Schlumberger Limited (SLB-Free Report) was among the first U.S. oil companies to announce that its quarterly earnings would be hurt due to sanctions imposed by the United States and European Union (EU).

Owing to Russia’s support to rebels in Ukraine, the U.S. has imposed sanctions on Rosneft and Novatek, Russia’s second-largest gas producer. BP plc (BP-Free Report), the largest foreign investor in Russia with a stake of about 20% in Rosneft – Russia’s largest oil producer – cautioned last month that the sanctions could adversely affect its business.

Schlumberger too expects its third-quarter profit to be hurt by about 3 cents per share. According to Thomson Reuters, analysts project earnings of $1.51 per share for the quarter ending Sep 2014.

Schlumberger, which drills on the island of Sakhalin with Rosneft, generates about 4–5% of its revenues from Russia, amounting to about $2.2 billion in annual revenue, as per Simmons & Co.

However, the leading oilfield provider services said that though the sanctions were confining the engagement of people and equipment, it would be able to cater to clients in the country without major obstacles.

It was in Jul 2014 when the company announced that the sanctions were unlikely to impact its business. However, further sanctions have been announced by the EU and U.S. since then, on Russia's energy, banking and defense sectors.

Schlumberger, along with Gazprom Neft, the oil-producing arm of Russian state gas company Gazprom, is working on technology for the Bazhenov shale development project in Western Siberia.

Notably, there are no sanctions on Gazprom. Prior to the sanctions, Russia was an emerging market for the oil service industry. Oil majors such as ExxonMobil Corporation (XOM-Free Report) were planning to start drilling wells in the Russian Arctic. However, it is a different scenario now.

Schlumberger currently has a Zacks Rank #3 (Hold). A better-ranked stock in the oil and gas sector like Sunoco Logistics Partners L.P (SXL-Free Report), sporting a Zacks Rank #1 (Strong Buy), is expected to perform better.
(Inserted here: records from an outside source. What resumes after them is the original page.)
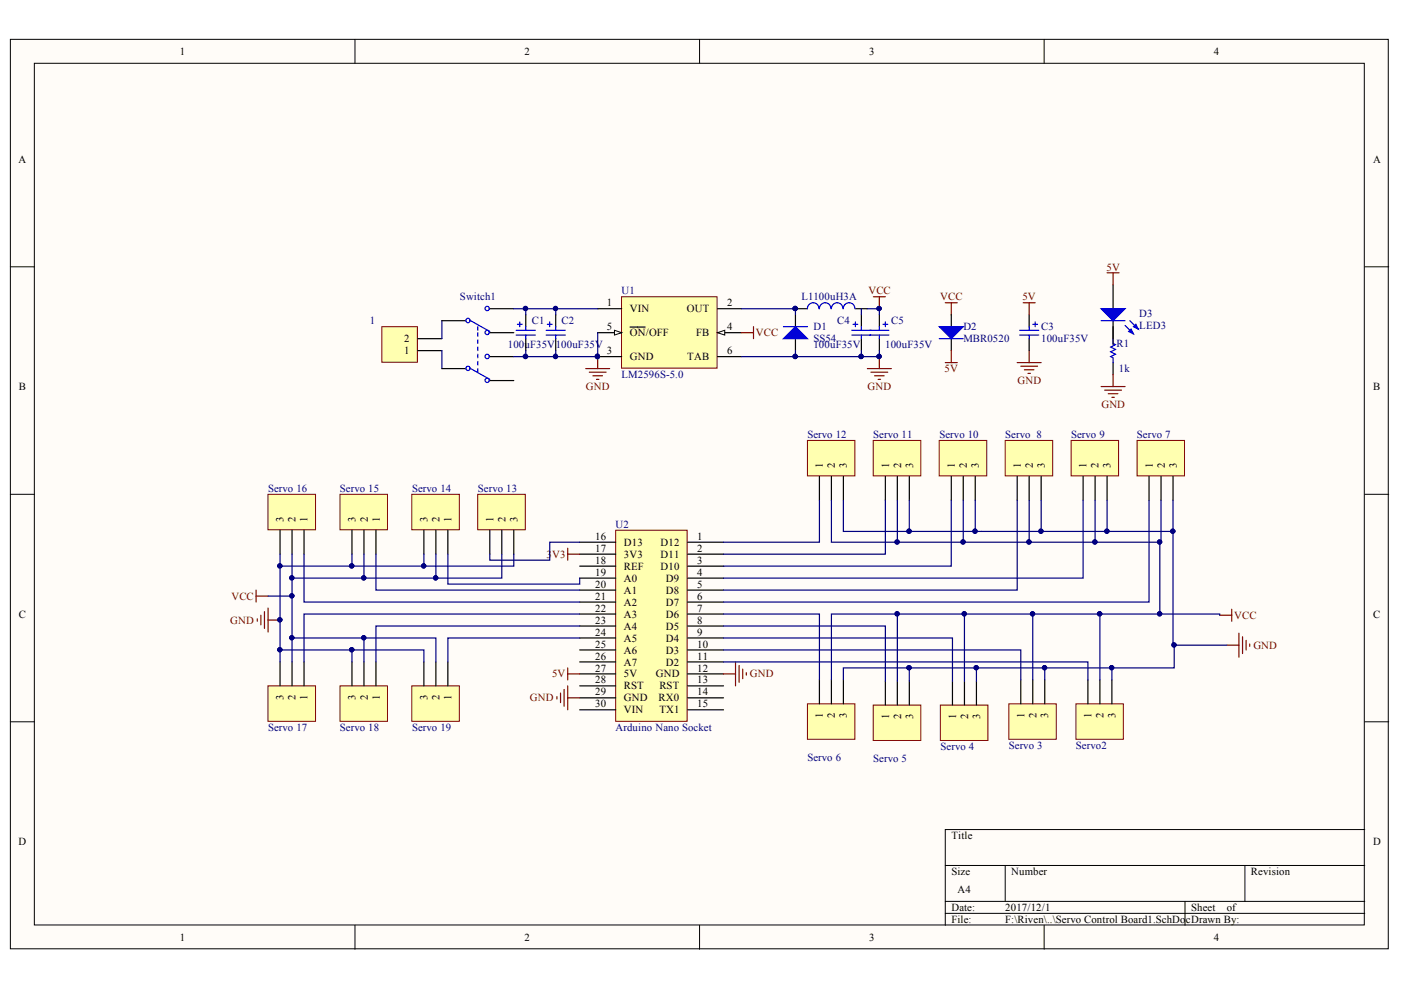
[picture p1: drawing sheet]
<svg xmlns="http://www.w3.org/2000/svg" width="297mm" height="210mm" viewBox="0 0 297 210" stroke-linecap="round" stroke-linejoin="round" font-family="sans-serif">
<g fill="#fffcf8" stroke="#000" stroke-width=".21">
<path d="M2.2 8.3h292.1v192.9h-292.1z"/>
<path d="M7.3 13.4h282v182.7h-282z"/>
</g>
<g fill="none" stroke="#000" stroke-width=".21">
<path d="M75.3 8.3v5.1M148.3 8.3v5.1M221.4 8.3v5.1M2.2 56.6h5.1M289.4 56.6h5M2.2 104.8h5.1M289.4 104.8h5M2.2 153h5.1M289.4 153h5M289.4 175.9h-89v20.3M75.3 196.2v5.1M148.3 196.2v5.1"/>
<path d="M200.4 183.5h89M200.4 191.1h89M200.4 193.7h89M213.1 183.5v7.6M221.4 196.2v5.1M251.2 191.1v5.1M263.9 183.5v7.6"/>
</g>
<path d="M81 69.3h7.5v7.5h-7.5z" fill="#ffffb0" stroke="#800000" stroke-width=".21"/>
<path d="M88.6 74.3h5.1M88.6 71.8h5.1M111.5 66.7v2.6M111.5 71.8v2.5M168.7 66.7v2.6M168.7 71.8v2.5M186.4 66.7v2.6M186.4 71.8v2.5" fill="none" stroke="#000" stroke-width=".25"/>
<path d="M109.4 70h4.1M109.4 71h4.1M109.7 68.8h1M110.2 68.3v1M111.5 69.3v.7M111.5 71v.8M184.4 70h4.1M184.4 71h4.1M186.4 69.3v.7M186.4 71v.8M187.2 68.8h1M187.7 68.3v1" fill="none" stroke="#00f" stroke-width=".25"/>
<path d="M93.7 68v3.8M93.7 74.3v3.9" fill="none" stroke="#000080" stroke-width=".25"/>
<path d="M124.2 78.2h5.1M124.9 78.9h3.6M125.7 79.7h2M126.7 75.6v2.6M183.9 78.2h5.1M184.7 78.9h3.5M185.2 62.9h2.5M185.4 79.7h2.1M186.4 62.9v2.6M186.4 75.6v2.6M126.5 80.4h.5M186.2 80.4h.5" fill="none" stroke="#800000" stroke-width=".25"/>
<g fill="#000080" stroke="#000080" stroke-width=".21">
<circle cx="126.7" cy="75.6" r=".46"/>
<circle cx="186.4" cy="75.6" r=".47"/>
<circle cx="186.4" cy="65.4" r=".46"/>
</g>
<path d="M166.1 71.8l2.6-2.5 2.5 2.5z" fill="#00f"/>
<g fill="none" stroke="#00f" stroke-width=".25">
<path d="M99.8 78.2l4 2.2M99.8 68l4 2.3M101.3 69.3v.7M101.3 70.5v.8M101.3 72.1v.7M101.3 73.6v.7M101.3 75.1v.8M101.3 76.6v.8M101.3 78.2v.7M166.1 71.8l2.6-2.5 2.5 2.5zM166.1 69.3h5.1M173.6 65.5a1.22 1.22 0 0 0-1.2-1.3 1.22 1.22 0 0 0-1.2 1.3"/>
<path d="M176.2 65.5a1.22 1.22 0 0 0-1.2-1.3 1.22 1.22 0 0 0-1.3 1.3M178.7 65.5a1.22 1.22 0 0 0-1.2-1.3 1.22 1.22 0 0 0-1.2 1.3M181.3 65.5a1.23 1.23 0 0 0-1.3-1.3 1.23 1.23 0 0 0-1.2 1.3"/>
<circle cx="99.2" cy="68" r=".46"/>
<circle cx="99.2" cy="78.1" r=".46"/>
<circle cx="103.3" cy="75.6" r=".46"/>
<circle cx="103.3" cy="65.4" r=".46"/>
<circle cx="103.3" cy="70.5" r=".46"/>
<circle cx="103.3" cy="80.6" r=".46"/>
</g>
<path d="M93.7 78.2h5.1M93.7 68h5.1M103.8 65.5h5.1M103.8 75.6h5.1M103.8 70.5h5.1M168.7 65.5h2.5M181.4 65.5h2.5M103.8 80.7h5.1" fill="none" stroke="#000" stroke-width=".25"/>
<circle cx="168.6" cy="65.4" r=".46" fill="#000080" stroke="#000080" stroke-width=".21"/>
<path d="M130.5 112.4h15.2v40.5h-15.2z" fill="#ffffb0" stroke="#800000" stroke-width=".21"/>
<g fill="none" stroke="#000" stroke-width=".25">
<path d="M122.9 115h7.6M122.9 117.5h7.6M145.8 115h7.6M145.8 117.5h7.6M122.9 120h7.6M122.9 122.6h7.6M122.9 125.1h7.6M122.9 127.7h7.6M122.9 130.2h7.6M122.9 132.7h7.6M122.9 135.3h7.6M122.9 137.8h7.6"/>
<path d="M145.8 120h7.6M145.8 122.6h7.6M145.8 125.1h7.6M145.8 127.7h7.6M145.8 130.2h7.6M145.8 132.7h7.6M145.8 135.3h7.6M145.8 137.8h7.6M122.9 140.3h7.6M122.9 142.9h7.6M122.9 145.4h7.6M122.9 148h7.6"/>
<path d="M122.9 150.5h7.6M145.8 140.3h7.6M145.8 142.9h7.6M145.8 145.4h7.6M145.8 148h7.6M145.8 150.5h7.6"/>
</g>
<path d="M199.4 149.5h10.1v7.5h-10.1z" fill="#ffffb0" stroke="#800000" stroke-width=".21"/>
<path d="M201.9 144.4v5.1M204.5 144.4v5.1M207 144.4v5.1" fill="none" stroke="#000" stroke-width=".25"/>
<path d="M213.9 149.2h10v7.5h-10z" fill="#ffffb0" stroke="#800000" stroke-width=".21"/>
<path d="M216.4 144.2v5M219 144.2v5M221.5 144.2v5" fill="none" stroke="#000" stroke-width=".25"/>
<path d="M228.1 149.2h10.1v7.5h-10.1z" fill="#ffffb0" stroke="#800000" stroke-width=".21"/>
<path d="M230.7 144.2v5M233.2 144.2v5M235.7 144.2v5" fill="none" stroke="#000" stroke-width=".25"/>
<path d="M241.1 93.4h10v7.5h-10z" fill="#ffffb0" stroke="#800000" stroke-width=".21"/>
<path d="M243.6 101v5.1M246.2 101v5.1M248.7 101v5.1" fill="none" stroke="#000" stroke-width=".25"/>
<path d="M101.3 104.8h10.1v7.5h-10.1z" fill="#ffffb0" stroke="#800000" stroke-width=".21"/>
<path d="M103.8 112.4v5.1M106.4 112.4v5.1M108.9 112.4v5.1" fill="none" stroke="#000" stroke-width=".25"/>
<path d="M213.1 93.4h10.1v7.5h-10.1z" fill="#ffffb0" stroke="#800000" stroke-width=".21"/>
<path d="M215.7 101v5.1M218.2 101v5.1M220.7 101v5.1" fill="none" stroke="#000" stroke-width=".25"/>
<path d="M258.6 130.4h2.6M260.1 136.8h2.6M261.2 129.2v2.5M262.7 134.3v5M263.4 135v3.6M264.2 135.8v2M265 136.5v.5" fill="none" stroke="#800000" stroke-width=".25"/>
<path d="M87.3 145.4h10.1v7.5h-10.1z" fill="#ffffb0" stroke="#800000" stroke-width=".21"/>
<path d="M89.9 140.3v5.1M92.4 140.3v5.1M95 140.3v5.1" fill="none" stroke="#000" stroke-width=".25"/>
<path d="M72.1 145.4h10v7.5h-10z" fill="#ffffb0" stroke="#800000" stroke-width=".21"/>
<path d="M74.6 140.3v5.1M77.2 140.3v5.1M79.7 140.3v5.1" fill="none" stroke="#000" stroke-width=".25"/>
<path d="M56.8 145.4h10.1v7.5h-10.1z" fill="#ffffb0" stroke="#800000" stroke-width=".21"/>
<path d="M59.4 140.3v5.1M61.9 140.3v5.1M64.5 140.3v5.1" fill="none" stroke="#000" stroke-width=".25"/>
<path d="M74.6 137.8h-15.2v2.5M77.2 135.3h-15.3v5M122.9 135.3h-27.9v5M122.9 132.7h-43.2v7.6M122.9 130.2h-58.4v10.1M74.6 140.3v-2.5h15.3v2.5M77.2 140.3v-5h15.2v5" fill="none" stroke="#000080" stroke-width=".25"/>
<g fill="#000080" stroke="#000080" stroke-width=".21">
<circle cx="74.6" cy="137.8" r=".46"/>
<circle cx="59.3" cy="137.8" r=".46"/>
<circle cx="77.1" cy="135.2" r=".46"/>
<circle cx="61.9" cy="135.2" r=".46"/>
</g>
<path d="M56.8 104.8h10.1v7.5h-10.1z" fill="#ffffb0" stroke="#800000" stroke-width=".21"/>
<path d="M59.4 112.4v5.1M61.9 112.4v5.1M64.5 112.4v5.1" fill="none" stroke="#000" stroke-width=".25"/>
<path d="M72.1 104.8h10v7.5h-10z" fill="#ffffb0" stroke="#800000" stroke-width=".21"/>
<path d="M74.6 112.4v5.1M77.2 112.4v5.1M79.7 112.4v5.1" fill="none" stroke="#000" stroke-width=".25"/>
<path d="M87.3 104.8h10.1v7.5h-10.1z" fill="#ffffb0" stroke="#800000" stroke-width=".21"/>
<path d="M201.7 66.7v2.6M201.7 71.8v2.5M89.9 112.4v5.1M92.4 112.4v5.1M95 112.4v5.1" fill="none" stroke="#000" stroke-width=".25"/>
<path d="M59.4 117.5v2.5h15.2M61.9 117.5v5.1h15.3M64.5 117.5v10.2h58.4M74.6 117.5v2.5h15.3v-2.5M77.2 117.5v5.1h15.2v-5.1M79.7 117.5v7.6h43.2M56.8 126.4h5.1M59.4 120v17.8M61.9 122.6v12.7" fill="none" stroke="#000080" stroke-width=".25"/>
<g fill="#000080" stroke="#000080" stroke-width=".21">
<circle cx="89.8" cy="120" r=".46"/>
<circle cx="74.6" cy="120" r=".46"/>
<circle cx="59.3" cy="120" r=".46"/>
<circle cx="92.4" cy="122.5" r=".46"/>
<circle cx="77.1" cy="122.5" r=".46"/>
<circle cx="61.9" cy="122.5" r=".46"/>
<circle cx="61.9" cy="135.2" r=".46"/>
<circle cx="61.9" cy="126.3" r=".46"/>
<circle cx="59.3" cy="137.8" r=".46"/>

Williams-Sonoma Going Strong into eCommerce, Risks Persist

On Aug 12, we initiated coverage on Williams-Sonoma, Inc. (WSM-Free Report), a leading specialty retailer of home furnishing products.

However, the company depends on the U.S housing market and overall slow macroeconomic conditions.

We are encouraged by Williams-Sonoma’s strong portfolio. The company offers premium quality products and has some of the most popular brands in home furnishing, namely Williams-Sonoma, Pottery Barn, Pottery Barn Kids, West Elm, PBteen Rejuvenation and Mark and Graham. The company’s multi-brand, multi-channel format gives it’s a competitive advantage.

The company’s size gives it a scale advantage and provides the company with flexibility and leverage in marketing spend, which subsequently improves productivity and margins. Headquartered in San Francisco, CA, Williams-Sonoma’s leading position as an e-commerce retailer is also commendable.

In addition, Williams-Sonoma enjoys a strong international presence. Other than United States, the company operates retail stores in the Canada, Puerto Rico, Australia, and the United Kingdom. The company is fast expanding its international footprint in order to gain market share and drive revenues.

Williams-Sonoma has posted solid revenues and profits since late 2011 on the back of product innovation, strong international presence, personalized service and strong marketing and execution.

However, Williams-Sonoma’s products primarily focus on home furnishings. The U.S. residential activity growth has slowed down in the second half of 2013 as well as early 2014. If the housing demand worsens in future quarters, demand for WSM’s products could be hurt.

Williams-Sonoma carries a Zacks Rank #2 (Buy).